What Better LMX Relationships Actually Look Like

Here is the practical part, written for managers and team leads who want to do this differently.

Invest time in knowing each person individually. Schedule regular one-on-ones that are genuinely about the person, not just status updates. Ask about their career goals, what they find challenging, what kind of work energizes them and what drains them. Listen and remember. Follow up on things they told you in previous conversations. This signals investment in a way that almost nothing else does.

Distribute opportunities more deliberately. Before you assign a new project or development opportunity to your default person, stop and ask honestly whether someone else on the team might benefit from or be capable of taking this on. Deliberately spreading opportunities is one of the fastest ways to raise the quality of your lowest LMX relationships.

Give honest and specific feedback to everyone.Feedback is one of the clearest signals of relationship quality. When a manager gives rich, honest, specific feedback to someone, that person feels invested in. When feedback is absent or generic, the message received is that the manager is not really paying attention. Commit to meaningful feedback for every team member, not just the ones you naturally connect with most.

Advocate visibly for your team members. Let them know you speak up for them when they are not in the room. Share credit explicitly. Help them get visibility across the organization. When people know their manager has their back, trust deepens. And deep trust is the foundation of every high-quality LMX relationship.

Common Mistakes Managers Make Without Realizing

Spending all one-on-one time on task updates. If every check-in is about project progress, you are managing work, not people. The relationship stays surface-level, and that limits everything.

Assuming your most consistent performers need less attention. Your steady reliable employees often quietly disengage because they feel taken for granted. Check in with your most dependable people with just as much intentionality as you check in with the ones who are visibly struggling.

Delegating interesting work only to people you already trust most. This deepens the gap between your highest and lowest quality relationships and makes it increasingly visible to the whole team.

Avoiding difficult feedback to keep things comfortable. Honest feedback is an act of investment. Avoiding it keeps things smooth in the short term but signals to the person that you are not really committed to their development.

FAQ

What does LMX stand for?

LMX stands for Leader-Member Exchange. It describes how the quality of the relationship between a manager and each individual team member develops over time and influences engagement, performance, and whether people stay.

How does LMX theory affect employee retention?

High-quality LMX relationships significantly reduce turnover intention. When employees feel genuinely trusted, developed, and supported by their manager, they are far less likely to seek other opportunities. Low-quality relationships predict gradual disengagement followed by departure.

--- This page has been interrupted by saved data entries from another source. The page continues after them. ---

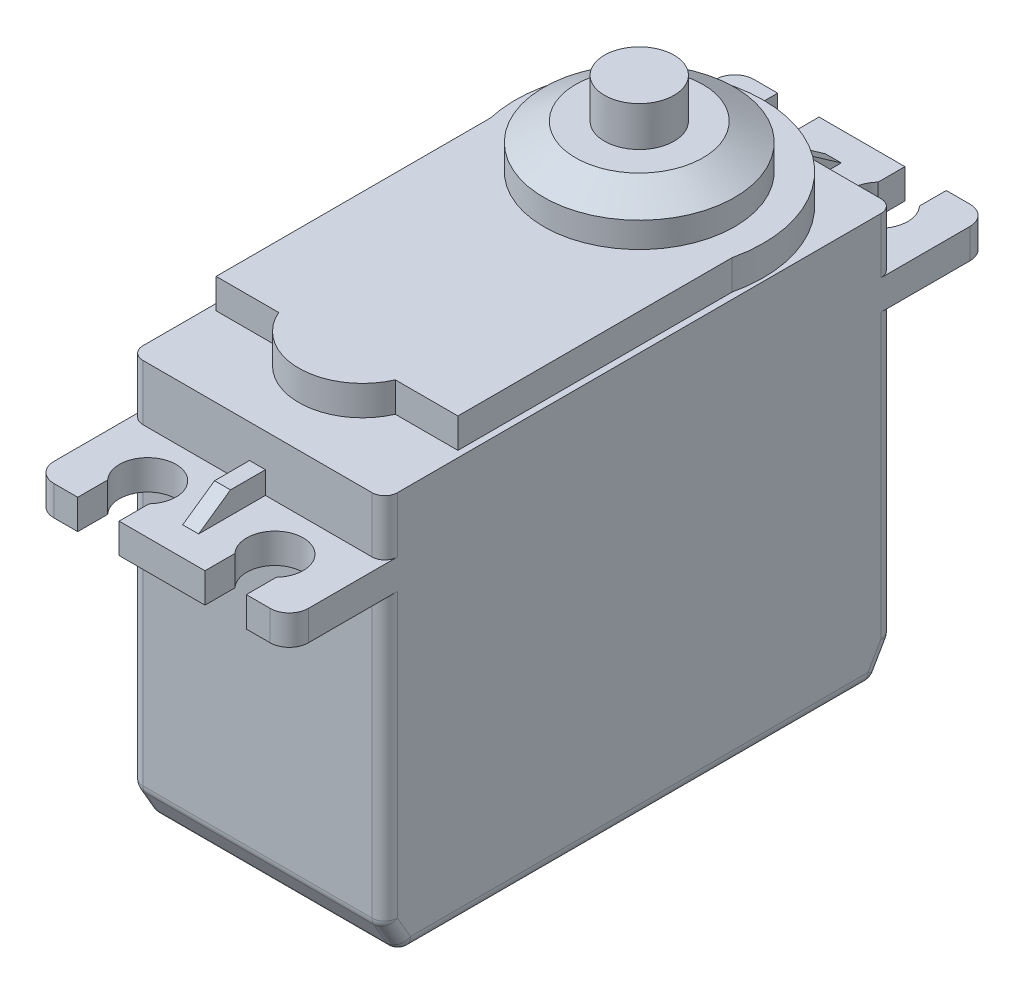
SolidWorks part; units mm, degrees
ref_plane "Front Plane" through (0, 0, 0) normal (0, 0, 1) x (1, 0, 0)
ref_plane "Top Plane" through (0, 0, 0) normal (0, 1, 0) x (1, 0, 0)
ref_plane "Right Plane" through (0, 0, 0) normal (1, 0, 0) x (0, 0, -1)
sketch "Sketch1" plane through (0, 0, 0) normal (0, 1, 0) x (1, 0, 0)
  line L1 (-10.16, 10.16) -> (10.16, 10.16)
  line L2 (-10.16, 10.16) -> (-10.16, -30.48)
  line L3 (-10.16, -30.48) -> (10.16, -30.48)
  line L4 (10.16, 10.16) -> (10.16, -30.48)
  dimension "D1" = 20.32
  dimension "D2" = 40.64
  dimension "D3" = 10.16
  dimension "D4" = 10.16
extrude "Extrude1" add sketch "Sketch1" along normal blind 25.4
sketch "Sketch2" plane through (0, 25.4, 0) normal (0, 1, 0) x (-1, 0, 0)
  line L0 (10.16, 30.48) -> (10.16, 38.1)
  line L1 (10.16, 38.1) -> (6.731, 38.1)
  line L2 (-10.16, 38.1) -> (-10.16, 30.48)
  line L3 (10.16, -10.16) -> (10.16, -17.78)
  line L4 (10.16, -10.16) -> (10.16, 30.48)
  line L5 (10.16, 30.48) -> (-10.16, 30.48)
  line L6 (-10.16, 30.48) -> (-10.16, -10.16)
  line L7 (-10.16, -10.16) -> (10.16, -10.16)
  line L8 (10.16, -10.16) -> (10.16, 30.48)
  line L9 (10.16, 30.48) -> (-10.16, 30.48)
  line L10 (-10.16, 30.48) -> (-10.16, -10.16)
  line L11 (-10.16, -10.16) -> (10.16, -10.16)
  line L12 (10.16, -17.78) -> (6.731, -17.78)
  line L13 (-10.16, -17.78) -> (-10.16, -10.16)
  line L14 (-6.731, 35.7072) -> (-6.731, 38.1)
  line L15 (-3.429, 35.7072) -> (-3.429, 38.1)
  line L16 (3.429, 35.7072) -> (3.429, 38.1)
  line L17 (6.731, 35.7072) -> (6.731, 38.1)
  line L18 (6.731, -15.6412) -> (6.731, -17.78)
  line L19 (3.429, -15.6412) -> (3.429, -17.78)
  line L20 (-3.429, -15.6412) -> (-3.429, -17.78)
  line L21 (-6.731, -15.6412) -> (-6.731, -17.78)
  line L22 (-6.731, -17.78) -> (-10.16, -17.78)
  line L23 (3.429, -17.78) -> (-3.429, -17.78)
  line L24 (-6.731, 38.1) -> (-10.16, 38.1)
  line L25 (3.429, 38.1) -> (-3.429, 38.1)
  arc A0 (3.429, 35.7072) -> (6.731, 35.7072) centre (5.08, 34.163) ccw
  arc A1 (-6.731, 35.7072) -> (-3.429, 35.7072) centre (-5.08, 34.163) ccw
  arc A2 (-3.429, -15.6412) -> (-6.731, -15.6412) centre (-5.08, -14.097) ccw
  arc A3 (6.731, -15.6412) -> (3.429, -15.6412) centre (5.08, -14.097) ccw
  line M5 (10.16, -10.16) -> (10.16, 30.48)
  line M6 (10.16, 30.48) -> (-10.16, 30.48)
  line M7 (-10.16, 30.48) -> (-10.16, -10.16)
  line M8 (-10.16, -10.16) -> (10.16, -10.16)
  dimension "D2" = 4.5212
  dimension "D9" = 3.302
  dimension "D3" = 5.08
  dimension "D4" = 10.16
  dimension "D5" = 48.26
  dimension "D6" = 3.937
  dimension "D7" = 7.62
  dimension "D8" = 7.62
  dimension "D10" = 3.302
  dimension "D11" = 1.651
  dimension "D12" = 1.651
  dimension "D1" = 0
extrude "Extrude2" add sketch "Sketch2" along normal blind 2.3813 contours M8 M5 M6 M7 | A3 L18 L12 L3 L13 L22 L21 A2 L20 L23 L19 M8 | A1 L14 L24 L2 L0 L1 L17 A0 L16 L25 L15 M6
sketch "Sketch3" plane through (0, 27.7812, 0) normal (0, 1, 0) x (-1, 0, 0)
  line L4 (10.16, -10.16) -> (10.16, 30.48)
  line L5 (-10.16, -10.16) -> (10.16, -10.16)
  line L6 (-10.16, 30.48) -> (-10.16, -10.16)
  line L7 (10.16, 30.48) -> (-10.16, 30.48)
  line L8 (10.16, -10.16) -> (10.16, 30.48)
  line L9 (-10.16, -10.16) -> (10.16, -10.16)
  line L10 (-10.16, 30.48) -> (-10.16, -10.16)
  line L11 (10.16, 30.48) -> (-10.16, 30.48)
  dimension "D1" = 0
extrude "Extrude3" add sketch "Sketch3" along normal blind 4.445
sketch "Sketch4" plane through (0, 32.2263, 0) normal (0, 1, 0) x (-1, 0, 0)
  line L0 (9.652, 2.2288) -> (9.652, 24.13)
  line L1 (9.652, 24.13) -> (4.6559, 24.13)
  line L2 (-9.652, 24.13) -> (-9.652, 2.2288)
  line L3 (10.16, 30.48) -> (-10.16, 30.48) construction
  line L4 (-4.6559, 24.13) -> (-9.652, 24.13)
  arc A0 (-9.652, 2.2288) -> (9.652, 2.2288) centre (0, 0) ccw
  arc A1 (4.6559, 24.13) -> (-4.6559, 24.13) centre (0, 22.098) ccw
  dimension "D1" = 19.812
  dimension "D5" = 5.08
  dimension "D2" = 6.35
  dimension "D3" = 19.304
  dimension "D4" = 9.652
  dimension "D6" = 2.032
extrude "Extrude4" add sketch "Sketch4" along normal blind 2.3813
ref_plane "Plane1" through (0, 38.1, 0) normal (0, -1, 0) x (1, 0, 0)
sketch "Sketch5" plane through (0, 34.6075, 0) normal (0, 1, 0) x (-1, 0, 0)
  circle A0 centre (0, 0) radius 7.62
  dimension "D1" = 15.24
extrude "Extrude5" add sketch "Sketch5" along normal up to surface (3.4925 mm away) up to plane "Plane1"
chamfer "Chamfer1" distance 2.54 angle 30 1 edges at (0, 38.1, -7.62)
sketch "Sketch7" plane through (0, 0, 0) normal (1, 0, 0) x (0, 0, -1)
  line L0 (15.494, 27.7812) -> (12.954, 29.5592)
  line L4 (12.954, 29.5592) -> (10.16, 29.5592)
  line L5 (10.16, 32.2263) -> (10.16, 27.7812) construction
  line L6 (17.78, 27.7812) -> (10.16, 27.7812) construction
  line L7 (10.16, 29.5592) -> (10.16, 27.7812)
  line L8 (10.16, 27.7812) -> (15.494, 27.7812)
  dimension "D1" = 1.778
  dimension "D2" = 2.794
  dimension "D3" = 5.334
extrude "Extrude6" add sketch "Sketch7" along normal mid plane 1.27
ref_plane "Plane2" through (0, 0, 10.16) normal (0, 0, -1) x (-1, 0, 0)
mirror "Mirror1" about plane through (0, 0, 10.16) normal (0, 0, -1) of "Extrude6"
sketch "Sketch8" plane through (0, 38.1, 0) normal (0, 1, 0) x (-1, 0, 0)
  circle A0 centre (0, 0) radius 2.7781
  dimension "D1" = 5.5562
extrude "Extrude7" add sketch "Sketch8" along normal blind 3.175
chamfer "Chamfer2" distance 2.54 angle 30 2 edges at (0, 0, 30.48) (0, 0, -10.16)
fillet "Fillet1" radius 1.016 18 edges at (10.16, 0, 10.16) (10.16, 1.27, -9.4268) (0, 0, -8.6935) (0, 2.54, -10.16) (-10.16, 1.27, -9.4268) (10.16, 1.27, 29.7468) (0, 2.54, 30.48) (-10.16, 0, 10.16) (0, 0, 29.0135) (-10.16, 1.27, 29.7468)
fillet "Fillet2" radius 1.524 4 edges at (-10.16, 26.5906, 38.1) (10.16, 26.5906, 38.1) (-10.16, 26.5906, -17.78) (10.16, 26.5906, -17.78)
sketch "Sketch9" plane through (0, 0, -10.16) normal (0, 0, -1) x (-1, 0, 0)
  line L1 (-3.175, 5.588) -> (3.175, 5.588)
  line L2 (-3.175, 5.588) -> (-3.175, 3.048)
  line L3 (-3.175, 3.048) -> (3.175, 3.048)
  line L4 (3.175, 5.588) -> (3.175, 3.048)
  dimension "D1" = 6.35
  dimension "D2" = 2.54
  dimension "D3" = 3.048
  dimension "D4" = 3.175
extrude "Extrude8" add sketch "Sketch9" along normal blind 2.3813
sketch "Sketch10" plane through (0, 0, -12.5412) normal (0, 0, -1) x (-1, 0, 0)
  line L8 (-2.54, 4.953) -> (-2.54, 3.683)
  line L9 (-2.54, 3.683) -> (2.54, 3.683)
  line L10 (2.54, 3.683) -> (2.54, 4.953)
  line L11 (2.54, 4.953) -> (-2.54, 4.953)
  line L12 (-2.54, 4.953) -> (-2.54, 3.683)
  line L13 (-2.54, 3.683) -> (2.54, 3.683)
  line L14 (2.54, 3.683) -> (2.54, 4.953)
  line L15 (2.54, 4.953) -> (-2.54, 4.953)
  dimension "D1" = 0.635
extrude "Cut-Extrude1" cut sketch "Sketch10" against normal up to surface (2.3813 mm away) up to face at (2.286, 14.1061, -10.16)

Is it possible to have the same quality LMX with every team member?

Not perfectly, because all relationships develop differently. But the gap between your highest and lowest quality relationships can and should be actively managed. Raising the floor so that no one feels invisible or deprioritized matters more than making all relationships identical.

How do you measure LMX quality on your team?

Stay interviews and genuine one-on-one conversations are the most direct way. Ask employees how supported they feel, whether their manager is invested in their development, and whether their contributions feel seen. The answers tell you more than any formal survey.

Can HR help improve LMX quality across the organization?

Absolutely. HR can build manager training focused on relationship quality, create one-on-one frameworks that go beyond task updates, and build feedback cultures where honest conversations are expected. Measuring team-level engagement scores alongside manager feedback scores helps identify where relationship quality needs the most attention.

Conclusion

The relationship between a manager and each team member is not a soft side note in the retention conversation. It is one of the hardest-working drivers of whether people stay and bring their best or quietly withdraw and eventually leave.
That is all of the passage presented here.